New Working Paper by Bo Rothstein for the Quality of Governance Institute: “It is necessary to conceptualize and provide better measures of good governance because in contrast to democratization, empirical studies show that it has strong positive effects on measures of human well-being, social trust, life satisfaction, peace and political legitimacy. A central problem is that the term “governance” is conceptualized differently in three main approaches to governance which has led to much confusion. To avoid this, the term quality of government (QoG) is preferred.

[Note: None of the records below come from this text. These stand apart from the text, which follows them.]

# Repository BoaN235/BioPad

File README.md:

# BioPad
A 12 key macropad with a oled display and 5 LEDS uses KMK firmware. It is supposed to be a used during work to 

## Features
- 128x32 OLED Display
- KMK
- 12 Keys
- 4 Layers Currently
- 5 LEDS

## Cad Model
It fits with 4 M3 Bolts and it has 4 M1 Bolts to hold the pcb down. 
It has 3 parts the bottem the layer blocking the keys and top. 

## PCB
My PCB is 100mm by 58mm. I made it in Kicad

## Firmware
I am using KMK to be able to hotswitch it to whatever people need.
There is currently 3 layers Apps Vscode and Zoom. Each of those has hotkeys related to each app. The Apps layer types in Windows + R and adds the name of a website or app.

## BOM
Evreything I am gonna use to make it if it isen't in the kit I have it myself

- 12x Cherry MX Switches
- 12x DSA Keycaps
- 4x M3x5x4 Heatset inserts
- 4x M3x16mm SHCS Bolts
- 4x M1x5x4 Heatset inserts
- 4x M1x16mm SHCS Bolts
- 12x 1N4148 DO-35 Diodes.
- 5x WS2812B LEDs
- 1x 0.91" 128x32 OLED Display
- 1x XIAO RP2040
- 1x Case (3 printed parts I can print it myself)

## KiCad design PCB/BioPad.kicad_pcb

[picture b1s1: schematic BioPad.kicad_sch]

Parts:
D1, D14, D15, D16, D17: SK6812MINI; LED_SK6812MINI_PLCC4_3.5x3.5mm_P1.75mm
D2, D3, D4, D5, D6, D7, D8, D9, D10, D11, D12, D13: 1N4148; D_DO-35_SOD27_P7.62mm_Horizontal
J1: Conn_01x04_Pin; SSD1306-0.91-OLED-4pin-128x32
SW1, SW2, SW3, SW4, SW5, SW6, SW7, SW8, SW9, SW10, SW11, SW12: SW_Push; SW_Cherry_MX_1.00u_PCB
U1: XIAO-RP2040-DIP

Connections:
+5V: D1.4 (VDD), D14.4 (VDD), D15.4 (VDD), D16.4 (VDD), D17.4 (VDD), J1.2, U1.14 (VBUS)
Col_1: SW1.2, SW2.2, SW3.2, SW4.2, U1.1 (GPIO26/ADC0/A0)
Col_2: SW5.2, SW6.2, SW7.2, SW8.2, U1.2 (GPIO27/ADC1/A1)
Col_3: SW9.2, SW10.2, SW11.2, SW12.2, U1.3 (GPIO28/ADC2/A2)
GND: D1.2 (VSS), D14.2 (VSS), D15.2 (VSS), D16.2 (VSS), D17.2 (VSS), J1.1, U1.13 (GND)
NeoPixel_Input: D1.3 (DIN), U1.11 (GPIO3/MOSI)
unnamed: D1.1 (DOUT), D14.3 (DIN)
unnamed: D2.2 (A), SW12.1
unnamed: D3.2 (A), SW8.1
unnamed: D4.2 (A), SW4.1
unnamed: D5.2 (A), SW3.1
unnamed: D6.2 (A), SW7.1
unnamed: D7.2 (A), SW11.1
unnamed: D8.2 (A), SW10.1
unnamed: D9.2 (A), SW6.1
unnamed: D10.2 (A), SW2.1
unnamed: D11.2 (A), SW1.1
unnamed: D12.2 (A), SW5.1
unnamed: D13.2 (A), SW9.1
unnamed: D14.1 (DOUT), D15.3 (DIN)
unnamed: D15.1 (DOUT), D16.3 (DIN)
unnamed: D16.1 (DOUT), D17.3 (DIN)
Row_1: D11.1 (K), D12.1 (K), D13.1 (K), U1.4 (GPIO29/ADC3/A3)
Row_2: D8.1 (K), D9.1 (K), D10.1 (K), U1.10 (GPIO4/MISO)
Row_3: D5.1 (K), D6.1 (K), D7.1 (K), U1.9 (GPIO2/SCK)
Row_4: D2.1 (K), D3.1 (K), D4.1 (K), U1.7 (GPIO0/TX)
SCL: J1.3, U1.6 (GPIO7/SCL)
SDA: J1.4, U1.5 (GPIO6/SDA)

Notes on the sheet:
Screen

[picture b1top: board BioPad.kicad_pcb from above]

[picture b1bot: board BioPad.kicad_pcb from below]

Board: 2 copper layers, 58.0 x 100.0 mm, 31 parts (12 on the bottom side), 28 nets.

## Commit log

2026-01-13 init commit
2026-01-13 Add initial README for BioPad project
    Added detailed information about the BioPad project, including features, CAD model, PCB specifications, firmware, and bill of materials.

This paper argues for a parsimonious conceptualization of QoG built the “Rawls-Machiavelli pro-gramme”. This is a combination of the Rawlsian understanding of what should be seen as a just political order and the empirical strategy used by Machiavelli stating what is possible to implement. It is argued that complex definitions are impossible to operationalize and that such a strategy would leave political science without a proper conceptualization as well as measures of the part of the state that is most important for humans’ well-being and political legitimacy. The theory proposed is that impartiality in the exercise of public power should be the basic norm for how QoG should be defined. The advantage with this strategy is that it does not include in the definition of QoG what we want to explain (efficiency, prosperity, administrative capacity and other “good outcomes”) and that recent empirical research shows that this theory can be operationalized and used to measure QoG in ways that have the predicted outcomes.”

City Data: Big, Open and Linked


Working Paper by Mark S. Fox (University of Toronto): “Cities are moving towards policymaking based on data. They are publishing data using Open Data standards, linking data from disparate sources, allowing the crowd to update their data with Smart Phone Apps that use Open APIs, and applying “Big Data” Techniques to discover relationships that lead to greater efficiencies.
One Big City Data example is from New York City (Schönberger & Cukier, 2013). Building owners were illegally converting their buildings into rooming houses that contained 10 times the number people they were designed for. These buildings posed a number of problems, including fire hazards, drugs, crime, disease and pest infestations. There are over 900,000 properties in New York City and only 200 inspectors who received over 25,000 illegal conversion complaints per year. The challenge was to distinguish nuisance complaints from those worth investigating where current methods were resulting in only 13% of the inspections resulting in vacate orders.
New York’s Analytics team created a dataset that combined data from 19 agencies including buildings, preservation, police, fire, tax, and building permits. By combining data analysis with expertise gleaned from inspectors (e.g., buildings that recently received a building permit were less likely to be a problem as they were being well maintained), the team was able to develop a rating system for complaints. Based on their analysis of this data, they were able to rate complaints such that in 70% of their visits, inspectors issued vacate orders; a fivefold increase in efficiency…
This paper provides an introduction to the concepts that underlie Big City Data. It explains the concepts of Open, Unified, Linked and Grounded data that lie at the heart of the Semantic Web. It then builds on this by discussing Data Analytics, which includes Statistics, Pattern Recognition and Machine Learning. Finally we discuss Big Data as the extension of Data Analytics to the Cloud where massive amounts of computing power and storage are available for processing large data sets. We use city data to illustrate each.”